# Black morels



## esgowen (Feb 27, 2011)

Just shy of 400 between me and my brother up north friday and saturday ..had to put on the miles to get these 11hrs straight on.friday 9 hrs on Saturday ..all pretty fresh for this late in the year ...ps this will go down as my worst season ever ..i think i might be done .started back on april 3rd been hittin hard ever since ..as forest gump said .im tired think ill go home now ..good luck too the rest of ya that are still hard at it


----------



## DanSS26 (Jul 10, 2008)

Lately we've had a lot of bad years for blacks. But the yellows have been great. A few years back, everyone said it was worst year ever for blacks. It was my best year for yellows in a long time. I was finding them when I was not even looking. Several times I went somewhere and seen an interesting tree from the parking lot. Walked over to it and filled my bag. 

Maybe you should start looking for yellows.


----------



## esgowen (Feb 27, 2011)

DanSS26 said:


> Lately we've had a lot of bad years for blacks. But the yellows have been great. A few years back, everyone said it was worst year ever for blacks. It was my best year for yellows in a long time. I was finding them when I was not even looking. Several times I went somewhere and seen an interesting tree from the parking lot. Walked over to it and filled my bag.
> 
> Maybe you should start looking for yellows.


Ive thought of switching to.them .but man i love the black morels the best ..the yellows are so easy to find in some of our spots .but ive usually put in so many hrs and miles by mothers day that im over it usually end the season with ogm with a mixed bag the end of the blacks and beginning of the yellows ...


----------



## koby (Jul 20, 2001)

esgowen said:


> Ive thought of switching to.them .but man i love the black morels the best ..the yellows are so easy to find in some of our spots .but ive usually put in so many hrs and miles by mothers day that im over it usually end the season with ogm with a mixed bag the end of the blacks and beginning of the yellows ...


Theres NO comparison between the flavor of the Black vs Common. Blacks are superior.


----------



## DanSS26 (Jul 10, 2008)

koby said:


> Theres NO comparison between the flavor of the Black vs Common.

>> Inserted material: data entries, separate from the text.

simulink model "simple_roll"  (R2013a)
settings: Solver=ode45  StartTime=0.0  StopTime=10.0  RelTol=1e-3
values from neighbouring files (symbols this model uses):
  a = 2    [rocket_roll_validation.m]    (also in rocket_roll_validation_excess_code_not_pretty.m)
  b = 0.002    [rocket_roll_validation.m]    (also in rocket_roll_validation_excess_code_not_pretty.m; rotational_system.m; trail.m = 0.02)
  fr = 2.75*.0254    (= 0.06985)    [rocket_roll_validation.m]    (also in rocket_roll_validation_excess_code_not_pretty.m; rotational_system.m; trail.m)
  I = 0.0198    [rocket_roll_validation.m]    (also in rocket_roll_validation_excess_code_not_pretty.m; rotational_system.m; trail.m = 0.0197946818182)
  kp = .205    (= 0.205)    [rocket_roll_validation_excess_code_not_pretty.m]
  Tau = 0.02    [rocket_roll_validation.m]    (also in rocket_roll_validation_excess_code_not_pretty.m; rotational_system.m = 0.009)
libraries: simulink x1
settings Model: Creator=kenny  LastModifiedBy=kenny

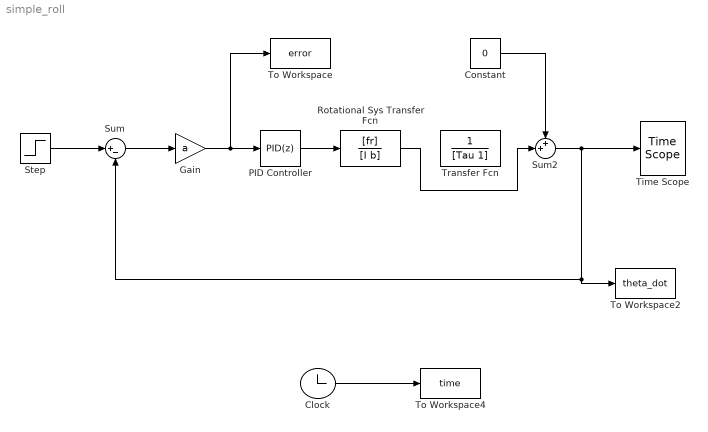
== system simple_roll ==
  Clock : Clock
  Constant : Constant  Value=0
  Gain : Gain  Gain=a
  PID Controller : simulink/Continuous/PID Controller  Controller=PID  TimeDomain=Discrete-time  SampleTime=.003  IntegratorMethod=Forward Euler  FilterMethod=Forward Euler  Form=Parallel  P=kp  I=0  D=0  N=100  InitialConditionSource=internal  InitialConditionForIntegrator=0  InitialConditionForFilter=0  ExternalReset=none  LimitOutput=off  UpperSaturationLimit=inf  LowerSaturationLimit=-inf  LinearizeAsGain=on  AntiWindupMode=none  Kb=1  TrackingMode=off  Kt=1  PParamMin=[]  PParamMax=[]  IParamMin=[]  IParamMax=[]  DParamMin=[]  DParamMax=[]  NParamMin=[]  NParamMax=[]  KbParamMin=[]  KbParamMax=[]  KtParamMin=[]  KtParamMax=[]  POutMin=[]  POutMax=[]  IOutMin=[]  IOutMax=[]  DOutMin=[]  DOutMax=[]  NOutMin=[]  NOutMax=[]  KbOutMin=[]  KbOutMax=[]  KtOutMin=[]  KtOutMax=[]  IntegratorOutMin=[]  IntegratorOutMax=[]  FilterOutMin=[]  FilterOutMax=[]  SumOutMin=[]  SumOutMax=[]  SumI1OutMin=[]  SumI1OutMax=[]  SumI2OutMin=[]  SumI2OutMax=[]  SumI3OutMin=[]  SumI3OutMax=[]  SumDOutMin=[]  SumDOutMax=[]  SaturationOutMin=[]  SaturationOutMax=[]  IntegratorContinuousStateAttributes=''  IntegratorStateMustResolveToSignalObject=off  IntegratorRTWStateStorageClass=Auto  FilterContinuousStateAttributes=''  FilterStateMustResolveToSignalObject=off  FilterRTWStateStorageClass=Auto
  Rotational Sys Transfer Fcn : TransferFcn  Numerator=[fr]  Denominator=[I b]
  Step : Step  Time=0  After=.51  SampleTime=0
  Sum : Sum  Inputs=|+-
  Sum2 : Sum  Inputs=++|
  Time Scope : TimeScope  DefaultConfigurationName=spbscopes.TimeScopeBlockCfg
      settings: CopyFcn=scopeextensions.ScopeBlock.callback(gcbh, 'onBlockCopy', gcbh);  DeleteFcn=scopeextensions.ScopeBlock.callback(gcbh, 'onBlockDelete');  PreSaveFcn=scopeextensions.ScopeBlock.callback(gcbh, 'onModelSave');  NameChangeFcn=scopeextensions.ScopeBlock.callback(gcbh, 'onBlockRename');  CloseFcn=scopeextensions.ScopeBlock.callback(gcbh, 'onBlockClose');  PreDeleteFcn=scopeextensions.ScopeBlock.callback(gcbh, 'onBlockPreDelete');
  To Workspace : ToWorkspace  VariableName=error  SampleTime=-1  SaveFormat=Structure With Time
  To Workspace2 : ToWorkspace  VariableName=theta_dot  SampleTime=-1  SaveFormat=Structure With Time
  To Workspace4 : ToWorkspace  VariableName=time  SampleTime=-1
  Transfer Fcn : TransferFcn  Denominator=[Tau 1]
  wires:
  Step/1 -> Sum/1
  Sum/1 -> Gain/1
  Gain/1 -> To Workspace/1, PID Controller/1
  Clock/1 -> To Workspace4/1
  Sum2/1 -> Sum/2, To Workspace2/1, Time Scope/1
  Constant/1 -> Sum2/1
  PID Controller/1 -> Rotational Sys Transfer Fcn/1
  Rotational Sys Transfer Fcn/1 -> Sum2/2
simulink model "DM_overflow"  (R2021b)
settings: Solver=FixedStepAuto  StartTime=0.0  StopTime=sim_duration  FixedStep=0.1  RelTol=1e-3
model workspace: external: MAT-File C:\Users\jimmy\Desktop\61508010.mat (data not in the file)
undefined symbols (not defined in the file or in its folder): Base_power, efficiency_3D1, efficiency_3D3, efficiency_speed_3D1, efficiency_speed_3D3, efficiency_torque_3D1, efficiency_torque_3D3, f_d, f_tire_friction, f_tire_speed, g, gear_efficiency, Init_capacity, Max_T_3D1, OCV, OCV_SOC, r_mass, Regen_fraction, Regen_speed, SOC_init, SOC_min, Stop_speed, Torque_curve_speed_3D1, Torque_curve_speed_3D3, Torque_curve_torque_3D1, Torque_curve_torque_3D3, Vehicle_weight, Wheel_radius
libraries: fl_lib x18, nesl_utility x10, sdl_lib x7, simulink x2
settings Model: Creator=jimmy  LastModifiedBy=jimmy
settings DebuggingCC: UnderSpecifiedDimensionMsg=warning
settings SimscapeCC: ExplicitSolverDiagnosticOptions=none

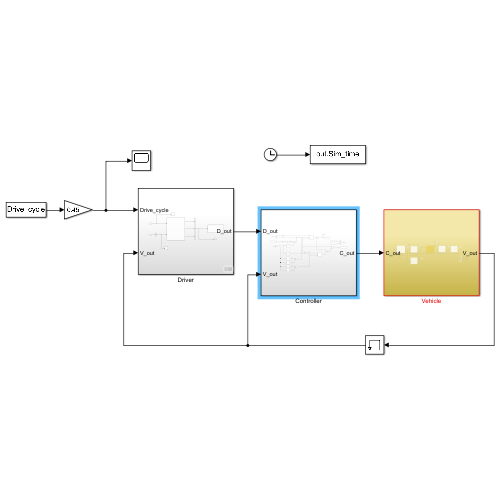
[thumbnail: Simulink's stored preview of the top-level diagram]
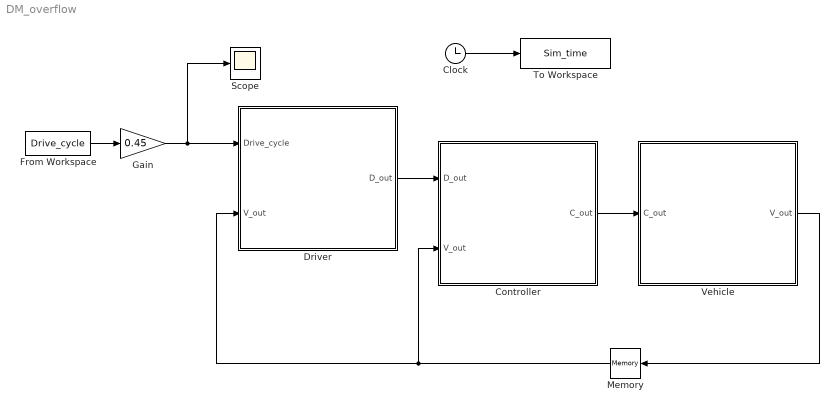
== system DM_overflow ==
  Clock : Clock
  Controller : Subsystem
  Driver : Subsystem
  From Workspace : FromWorkspace  VariableName=Drive_cycle
  Gain : Gain  Gain=0.45
  Memory : Memory  InheritSampleTime=on  LinearizeMemory=on  LinearizeAsDelay=on
  Scope : Scope
  To Workspace : ToWorkspace  VariableName=Sim_time  SaveFormat=Timeseries  SampleTime=-1
  Vehicle : Subsystem
  wires:
  Vehicle/1(V_out) -> Memory/1
  Controller/1(C_out) -> Vehicle/1(C_out)
  Memory/1 -> Controller/2(V_out), Driver/2(V_out)
  Clock/1 -> To Workspace/1
  Driver/1(D_out) -> Controller/1(D_out)
  From Workspace/1 -> Gain/1
  Gain/1 -> Scope/1, Driver/1(Drive_cycle)

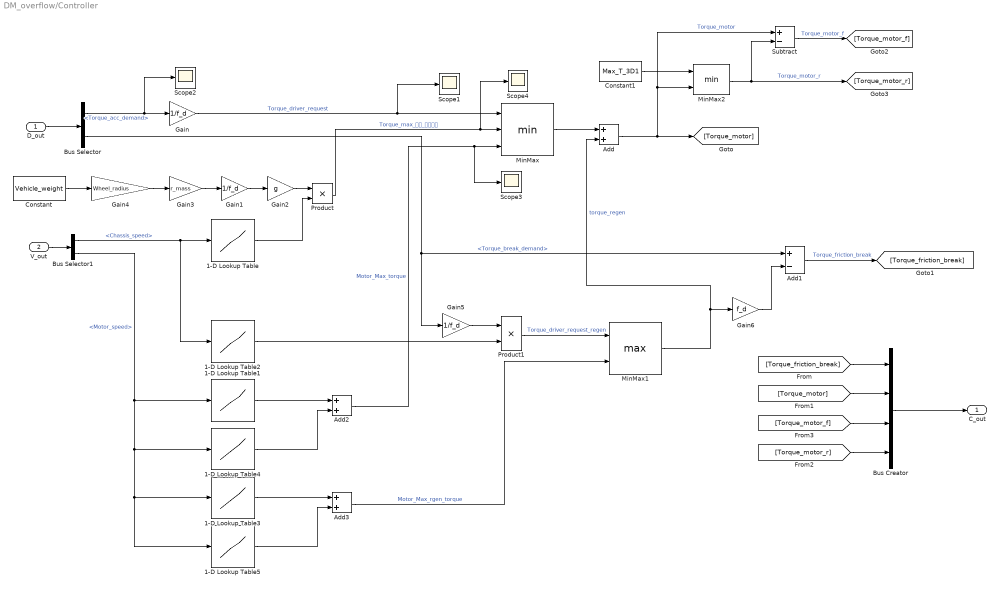
== system DM_overflow/Controller ==
  D_out : Inport
  V_out : Inport  Port=2
  1-D Lookup Table : Lookup_n-D  NumberOfTableDimensions=1  BreakpointsForDimension1=f_tire_speed  Table=f_tire_friction  InternalRulePriority=Speed  RndMeth=Simplest  InputSameDT=on
  1-D Lookup Table1 : Lookup_n-D  NumberOfTableDimensions=1  BreakpointsForDimension1=Torque_curve_speed_3D1  Table=Torque_curve_torque_3D1  InternalRulePriority=Speed  RndMeth=Simplest  InputSameDT=on
  1-D Lookup Table2 : Lookup_n-D  NumberOfTableDimensions=1  BreakpointsForDimension1=Regen_speed  Table=Regen_fraction  InternalRulePriority=Speed  RndMeth=Simplest  InputSameDT=on
  1-D Lookup Table3 : Lookup_n-D  NumberOfTableDimensions=1  BreakpointsForDimension1=Torque_curve_speed_3D1  Table=-Torque_curve_torque_3D1  InternalRulePriority=Speed  RndMeth=Simplest  InputSameDT=on
  1-D Lookup Table4 : Lookup_n-D  NumberOfTableDimensions=1  BreakpointsForDimension1=Torque_curve_speed_3D3  Table=Torque_curve_torque_3D3  InternalRulePriority=Speed  RndMeth=Simplest  InputSameDT=on
  1-D Lookup Table5 : Lookup_n-D  NumberOfTableDimensions=1  BreakpointsForDimension1=Torque_curve_speed_3D3  Table=-Torque_curve_torque_3D3  InternalRulePriority=Speed  RndMeth=Simplest  InputSameDT=on
  Add : Sum
  Add1 : Sum  Inputs=+-
  Add2 : Sum
  Add3 : Sum
  Bus Creator : BusCreator  Inputs=4
  Bus Selector : BusSelector  OutputSignals=Torque_acc_demand,Torque_break_demand
  Bus Selector1 : BusSelector  OutputSignals=Chassis_speed,signal3.Motor_speed
  Constant : Constant  Value=Vehicle_weight
  Constant1 : Constant  Value=Max_T_3D1
  Gain : Gain  Gain=1/f_d
  Gain1 : Gain  Gain=1/f_d
  Gain2 : Gain  Gain=g
  Gain3 : Gain  Gain=r_mass
  Gain4 : Gain  Gain=Wheel_radius
  Gain5 : Gain  Gain=1/f_d
  Gain6 : Gain  Gain=f_d
  MinMax : MinMax  Inputs=3
  MinMax1 : MinMax  Function=max  Inputs=2
  MinMax2 : MinMax  Inputs=2
  Product : Product
  Product1 : Product
  Scope{1..4} (4 alike) : Scope
  Subtract : Sum  Inputs=+-
  C_out : Outport
  wires:
  D_out/1 -> Bus Selector/1
  Bus Selector/1 -> Scope2/1, Gain/1  "<Torque_acc_demand>"
  Bus Selector/2 -> Add1/1, Gain5/1  "<Torque_break_demand>"
  Gain/1 -> Scope1/1, MinMax/1  "Torque_driver_request"
  Constant/1 -> Gain4/1
  Gain4/1 -> Gain3/1
  Gain3/1 -> Gain1/1
  Gain1/1 -> Gain2/1
  1-D Lookup Table/1 -> Product/2
  Bus Selector1/1 -> 1-D Lookup Table2/1, 1-D Lookup Table/1  "<Chassis_speed>"
  Gain2/1 -> Product/1
  V_out/1 -> Bus Selector1/1
  Product/1 -> Scope4/1, MinMax/2  "Torque_max_𝑛𝑜_𝑠𝑙𝑖𝑝"
  MinMax/1 -> Add/1
  Bus Selector1/2 -> 1-D Lookup Table1/1, 1-D Lookup Table4/1, 1-D Lookup Table3/1, 1-D Lookup Table5/1  "<Motor_speed>"
  Gain5/1 -> Product1/1
  1-D Lookup Table2/1 -> Product1/2
  Product1/1 -> MinMax1/1  "Torque_driver_request_regen"
  MinMax1/1 -> Gain6/1, Add/2  "torque_regen"
  Add/1 -> Subtract/1, MinMax2/2, [Torque_motor]  "Torque_motor"
  Gain6/1 -> Add1/2
  Add1/1 -> [Torque_friction_break]  "Torque_friction_break"
  [Torque_motor] -> Bus Creator/2
  [Torque_friction_break] -> Bus Creator/1
  Bus Creator/1 -> C_out/1
  Add3/1 -> MinMax1/2  "Motor_Max_rgen_torque"
  Add2/1 -> Scope3/1, MinMax/3  "Motor_Max_torque"
  1-D Lookup Table1/1 -> Add2/1
  1-D Lookup Table3/1 -> Add3/1
  1-D Lookup Table4/1 -> Add2/2
  1-D Lookup Table5/1 -> Add3/2
  [Torque_motor_f] -> Bus Creator/3
  [Torque_motor_r] -> Bus Creator/4
  Constant1/1 -> MinMax2/1
  MinMax2/1 -> Subtract/2, [Torque_motor_r]  "Torque_motor_r"
  Subtract/1 -> [Torque_motor_f]  "Torque_motor_f"

== system DM_overflow/Driver ==
  Drive_cycle : Inport
  V_out : Inport  Port=2
  Bus Creator : BusCreator  Inputs=3
  Bus Selector : BusSelector  OutputSignals=Chassis_speed
  Plant : Subsystem
  Scope : Scope
  Scope1 : Scope
  To workspace : Subsystem
  D_out : Outport
  wires:
  Drive_cycle/1 -> Scope/1, Plant/1(Drive_cycle)
  V_out/1 -> Bus Selector/1
  Bus Selector/1 -> Scope1/1, Plant/2(Chasis_speed)  "<Chassis_speed>"
  Plant/1(Linear_speed_demand) -> Bus Creator/1
  Plant/2(Torque_acc_demand) -> Bus Creator/2
  Plant/3(Torque_break_demand) -> Bus Creator/3
  Bus Creator/1 -> D_out/1, To workspace/1(In1)

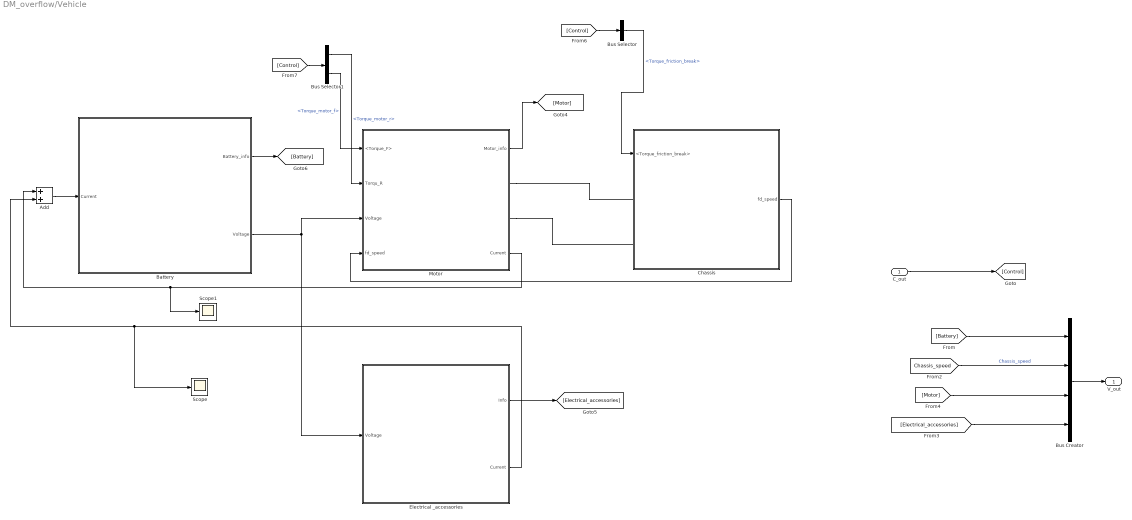
== system DM_overflow/Vehicle ==
  C_out : Inport
  Add : Sum
  Battery : Subsystem
  Bus Creator : BusCreator  Inputs=4
  Bus Selector : BusSelector  OutputSignals=Torque_friction_break
  Bus Selector1 : BusSelector  OutputSignals=Torque_motor_r,Torque_motor_f
  Chassis : Subsystem
  Electrical _accessories : Subsystem
  Motor : Subsystem
      settings: PortSchema="{\"entries\":[{\"content\":{\"sides\":[{\"content\":{\"connectorIds\":[\"In1\",\"In2\",\"In3\",\"In4\"]},\"type\":\"ConnectorPlacement.EquallySpacedRectSide\",\"uuid\":\"41143f5e-7686-4338-be62-9090af3e7fda\"},{\"content\":{\"connectorIds\":[\"Out1\",\"RConn1\",\"RConn2\",\"Out2\"],\"side\":\"RIGHT\"},\"type\":\"ConnectorPlacement.EquallySpacedRectSide\",\"uuid\":\"80376a3c-2384-4fc0-8e0f-19ad3c35f516\"},{\"content\":{\"connectorIds\":[],\"side\":\"TOP\"},\"type\":\"ConnectorPlacement.EquallySpacedRectSide\",\"uuid\":\"cc882acb-b744-4941-b3e2-8b777c6c03a1\"}]},\"type\":\"ConnectorPlacement.EquallySpacedConnector\",\"uuid\":\"b67d3583-afb0-4dd1-8124-18a93feb2c2f\"}],\"packageUris\":[\"http://schema.mathworks.com/mf0/Connector/R2020b\"],\"version\":\"1.0\"}"
  Scope : Scope
  Scope1 : Scope
  V_out : Outport
  wires:
  Bus Creator/1 -> V_out/1
  [Battery] -> Bus Creator/1
  [Chassis_speed] -> Bus Creator/2  "Chassis_speed"
  [Motor] -> Bus Creator/3
  [Electrical_accessories] -> Bus Creator/4
  C_out/1 -> [Control]
  Battery/2(Voltage) -> Motor/3(Voltage), Electrical _accessories/1(Voltage)
  Motor/2(Current) -> Scope1/1, Add/1
  Motor/1(Motor_info) -> [Motor]
  [Control] -> Bus Selector1/1
  Bus Selector1/1 -> Motor/2(Torqu_R)  "<Torque_motor_r>"
  Add/1 -> Battery/1(Current)
  Electrical _accessories/2(Current) -> Scope/1, Add/2
  Electrical _accessories/1(Info) -> [Electrical_accessories]
  Battery/1(Battery_info) -> [Battery]
  Chassis/1(fd_speed) -> Motor/4(fd_speed)
  [Control] -> Bus Selector/1
  Bus Selector/1 -> Chassis/1(<Torque_friction_break>)  "<Torque_friction_break>"
  Bus Selector1/2 -> Motor/1(<Torque_F>)  "<Torque_motor_f>"
  connections:
  Motor/RConn1 -- Chassis/LConn1
  Motor/RConn2 -- Chassis/LConn2

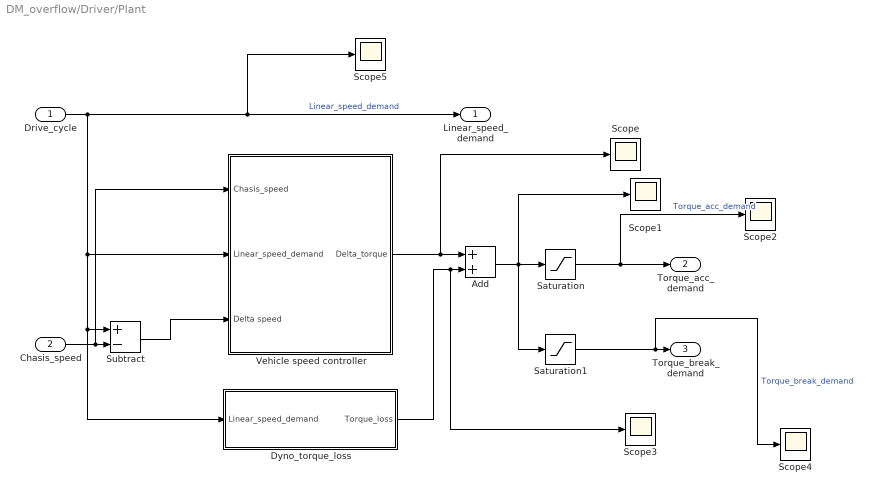
== system DM_overflow/Driver/Plant ==
  Drive_cycle : Inport
  Chasis_speed : Inport  Port=2
  Add : Sum
  Dyno_torque_loss : Subsystem
  Saturation : Saturate  UpperLimit=inf  LowerLimit=0
  Saturation1 : Saturate  UpperLimit=0  LowerLimit=-inf
  Scope{,1..5} (6 alike) : Scope
  Subtract : Sum  Inputs=+-
  Vehicle speed controller : Subsystem
  Linear_speed_demand : Outport
  Torque_acc_demand : Outport  Port=2
  Torque_break_demand : Outport  Port=3
  wires:
  Drive_cycle/1 -> Vehicle speed controller/2(Linear_speed_demand), Dyno_torque_loss/1(Linear_speed_demand), Subtract/1, Scope5/1, Linear_speed_demand/1  "Linear_speed_demand"
  Chasis_speed/1 -> Vehicle speed controller/1(Chasis_speed), Subtract/2
  Subtract/1 -> Vehicle speed controller/3(Delta speed)
  Vehicle speed controller/1(Delta_torque) -> Scope/1, Add/1
  Dyno_torque_loss/1(Torque_loss) -> Scope3/1, Add/2
  Add/1 -> Saturation1/1, Scope1/1, Saturation/1
  Saturation/1 -> Scope2/1, Torque_acc_demand/1  "Torque_acc_demand"
  Saturation1/1 -> Scope4/1, Torque_break_demand/1  "Torque_break_demand"

== system DM_overflow/Driver/To workspace ==
  In1 : Inport
  Bus Selector : BusSelector  OutputSignals=Linear_speed_demand,Torque_acc_demand,Torque_break_demand
  To Workspace : ToWorkspace  VariableName=Linear_speed_demand  SampleTime=0.1
      settings: Decimation=10  Save2DSignal=2-D array (concatenate along first dimension)
  To Workspace2 : ToWorkspace  VariableName=Torque_break_demand  SampleTime=-1
      settings: Decimation=10
  To Workspace3 : ToWorkspace  VariableName=Torque_acc_demand  SampleTime=-1
      settings: Decimation=10
  wires:
  In1/1 -> Bus Selector/1
  Bus Selector/1 -> To Workspace/1  "<Linear_speed_demand>"
  Bus Selector/2 -> To Workspace3/1  "<Torque_acc_demand>"
  Bus Selector/3 -> To Workspace2/1  "<Torque_break_demand>"

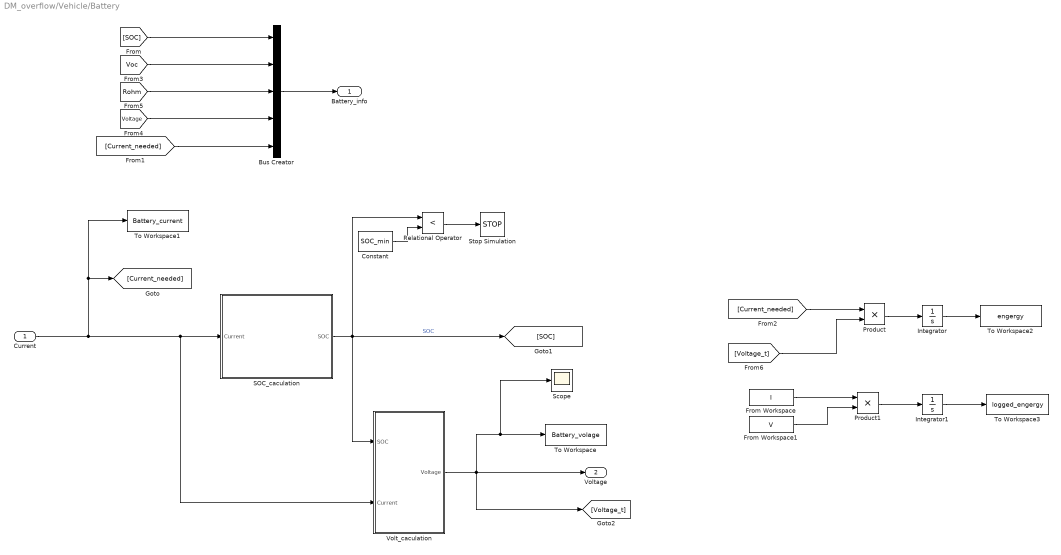
== system DM_overflow/Vehicle/Battery ==
  Current : Inport
  Bus Creator : BusCreator  Inputs=5
  Constant : Constant  Value=SOC_min
  From Workspace : FromWorkspace  VariableName=I
  From Workspace1 : FromWorkspace  VariableName=V
  Integrator : Integrator
  Integrator1 : Integrator
  Product : Product
  Product1 : Product
  Relational Operator : RelationalOperator  Operator=<  OutDataTypeStr=boolean  RndMeth=Simplest
  SOC_caculation : Subsystem
  Scope : Scope
  Stop Simulation : Stop
  To Workspace : ToWorkspace  VariableName=Battery_volage  SampleTime=0.1
  To Workspace1 : ToWorkspace  VariableName=Battery_current  SampleTime=0.1
  To Workspace2 : ToWorkspace  VariableName=engergy  SampleTime=-1
  To Workspace3 : ToWorkspace  VariableName=logged_engergy  SampleTime=-1
  Volt_caculation : Subsystem
  Battery_info : Outport
  Voltage : Outport  Port=2
  wires:
  Current/1 -> To Workspace1/1, [Current_needed], Volt_caculation/2(Current), SOC_caculation/1(Current)
  SOC_caculation/1(SOC) -> Volt_caculation/1(SOC), Relational Operator/1, [SOC]  "SOC"
  Constant/1 -> Relational Operator/2
  Relational Operator/1 -> Stop Simulation/1
  Volt_caculation/1(Voltage) -> [Voltage_t], Scope/1, To Workspace/1, Voltage/1
  Bus Creator/1 -> Battery_info/1
  [Current_needed] -> Bus Creator/5
  [SOC] -> Bus Creator/1
  [Voc] -> Bus Creator/2
  [Rohm] -> Bus Creator/3
  [Voltage] -> Bus Creator/4
  [Voltage_t] -> Product/2
  [Current_needed] -> Product/1
  Product/1 -> Integrator/1
  Integrator/1 -> To Workspace2/1
  From Workspace/1 -> Product1/1
  From Workspace1/1 -> Product1/2
  Product1/1 -> Integrator1/1
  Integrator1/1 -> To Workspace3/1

Blacks are superior.


For years we only found yellows, as blacks do not grow in the area we live. We went to northern Michigan and picked blacks. Everyone in our group were disappointed in the flavor of the blacks. We had always heard they were better. They were good, but had a mild morel taste compared to the bolder taste of yellows.


----------



## CWlake (Mar 28, 2016)

DanSS26 said:


> For years we only found yellows, as blacks do not grow in the area we live. We went to northern Michigan and picked blacks. Everyone in our group were disappointed in the flavor of the blacks. We had always heard they were better. They were good, but had a mild morel taste compared to the bolder taste of yellows.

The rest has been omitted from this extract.